Results: There were significant variances in plasma trough concentration (3.95–52.88 ng/ml) and peak plasma concentration (11.53–42.8 ng/ml) following administration of 8 mg anlotinib. Additionally, there were significant differences in the plasma trough concentration (5.65–81.89 ng/ml) and peak plasma concentration (18.01–107.18 ng/ml) following administration of 12 mg anlotinib. Furthermore, for CYP2C19-rs3814637, the peak plasma concentrations of mutant allele T carriers (TT+CT) were significantly higher than those of wildtypes (CC). For CYP2C19-rs11568732, the peak plasma concentrations of the mutant allele G carriers (GT+GG) were significantly higher than those of the wild-type (TT). More importantly, the incidence rates of hypertension and hemoptysis (peripheral lung cancer) with TT+CT in rs3814637 and GT+GG in rs11568732 were significantly higher than those with CC and TT.

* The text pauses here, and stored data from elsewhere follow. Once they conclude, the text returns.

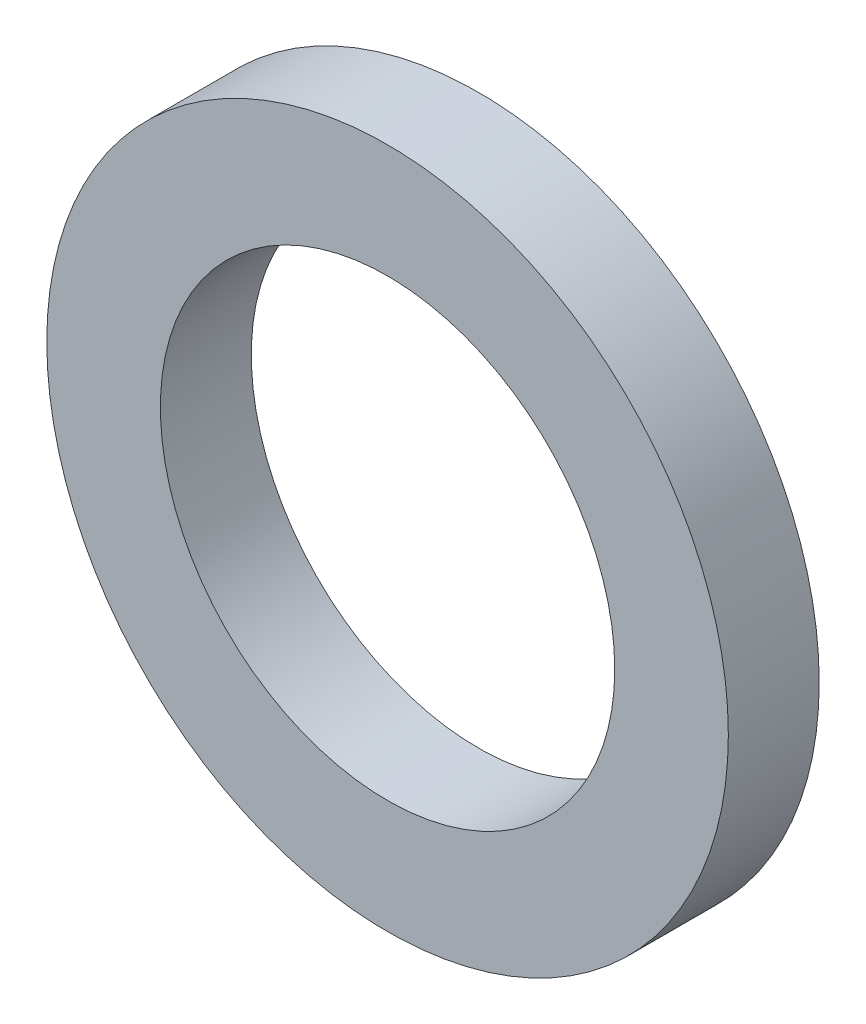
from build123d import *

# Parameters (mm, degrees)
SKETCH1_R           = 7.5
SKETCH1_R_2         = 5
BOSS_EXTRUDE1_DEPTH = 2


with BuildPart() as part:
    # Sketch1 → Boss-Extrude1 (new body)
    with BuildSketch(Plane.XY):
        Circle(SKETCH1_R)
        Circle(SKETCH1_R_2, mode=Mode.SUBTRACT)
    extrude(amount=BOSS_EXTRUDE1_DEPTH)


solid = part.part
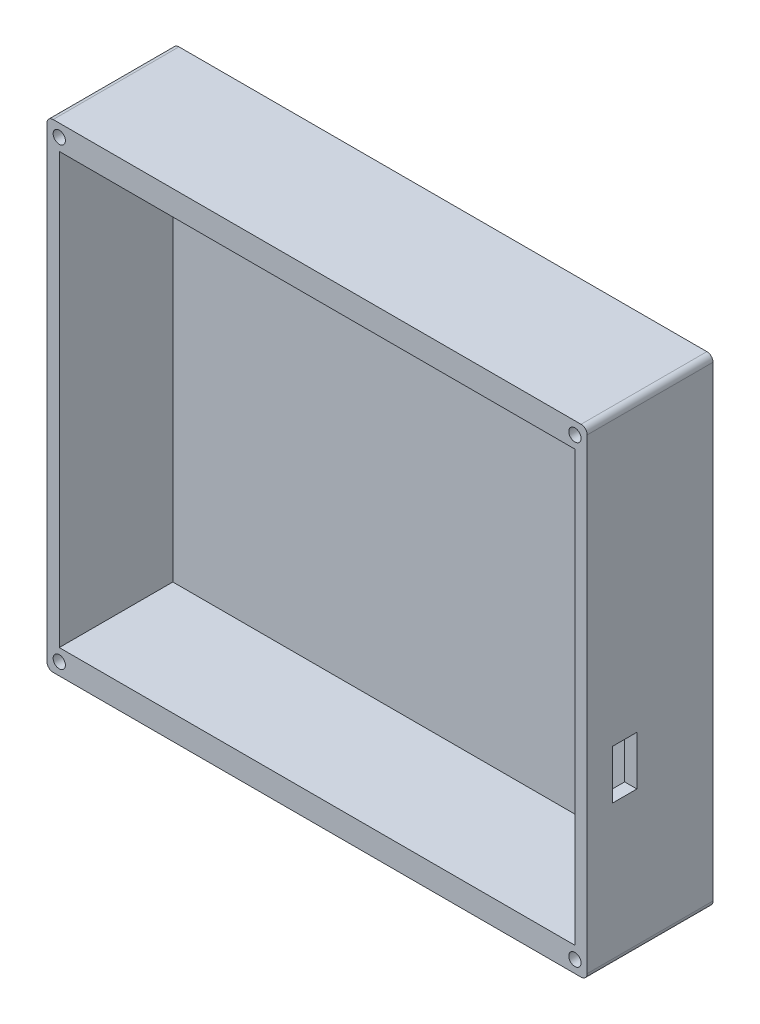
from build123d import *

# Parameters (mm, degrees)
SKETCH2_W           = 88
SKETCH2_H           = 78
BOSS_EXTRUDE1_DEPTH = 20.5
SKETCH5_W           = 84
SKETCH5_H           = 70
CUT_EXTRUDE1_DEPTH  = 18.5
SKETCH6_W           = 4
SKETCH6_H           = 8
CUT_EXTRUDE2_DEPTH  = 18.5
SKETCH7_R           = 1
CUT_EXTRUDE3_DEPTH  = 10
FILLET2_R           = 1


with BuildPart() as part:
    # Sketch2 → Boss-Extrude1 (new body)
    with BuildSketch(Plane.XY):
        Rectangle(SKETCH2_W, SKETCH2_H)
    extrude(amount=BOSS_EXTRUDE1_DEPTH)

    # Sketch5 → Cut-Extrude1 (cut)
    with BuildSketch(Plane.XY.offset(20.5)):
        Rectangle(SKETCH5_W, SKETCH5_H)
    extrude(amount=-CUT_EXTRUDE1_DEPTH, mode=Mode.SUBTRACT)

    # Sketch6 → Cut-Extrude2 (cut)
    with BuildSketch(Plane(origin=(44, 0, 0), x_dir=(0, 0, -1), z_dir=(1, 0, 0))):
        with Locations((-14.4, -12)):
            Rectangle(SKETCH6_W, SKETCH6_H)
    extrude(amount=-CUT_EXTRUDE2_DEPTH, mode=Mode.SUBTRACT)

    # Sketch7 → Cut-Extrude3 (cut)
    with BuildSketch(Plane.XY.offset(20.5)):
        with Locations((-42, 37)):
            Circle(SKETCH7_R)
        with Locations((-42, -37)):
            Circle(SKETCH7_R)
        with Locations((42, -37)):
            Circle(SKETCH7_R)
        with Locations((42, 37)):
            Circle(SKETCH7_R)
    extrude(amount=-CUT_EXTRUDE3_DEPTH, mode=Mode.SUBTRACT)

    # Fillet2
    fillet2_edges = [part.edges().sort_by_distance(p)[0] for p in [
        (44, -39, 10.25),
        (-44, -39, 10.25),
        (-44, 39, 10.25),
        (44, 39, 10.25),
    ]]
    fillet(fillet2_edges, radius=FILLET2_R)


solid = part.part

Conclusions: The plasma trough and peak concentrations varied significantly for both 8 and 12 mg of anlotinib. Single-nucleotide polymorphisms in CYP2C19 are significantly associated with hypertension, hemoptysis, and anlotinib peak concentrations. Polymorphisms in CYP450 may explain inter-individual differences in anlotinib-related adverse reactions.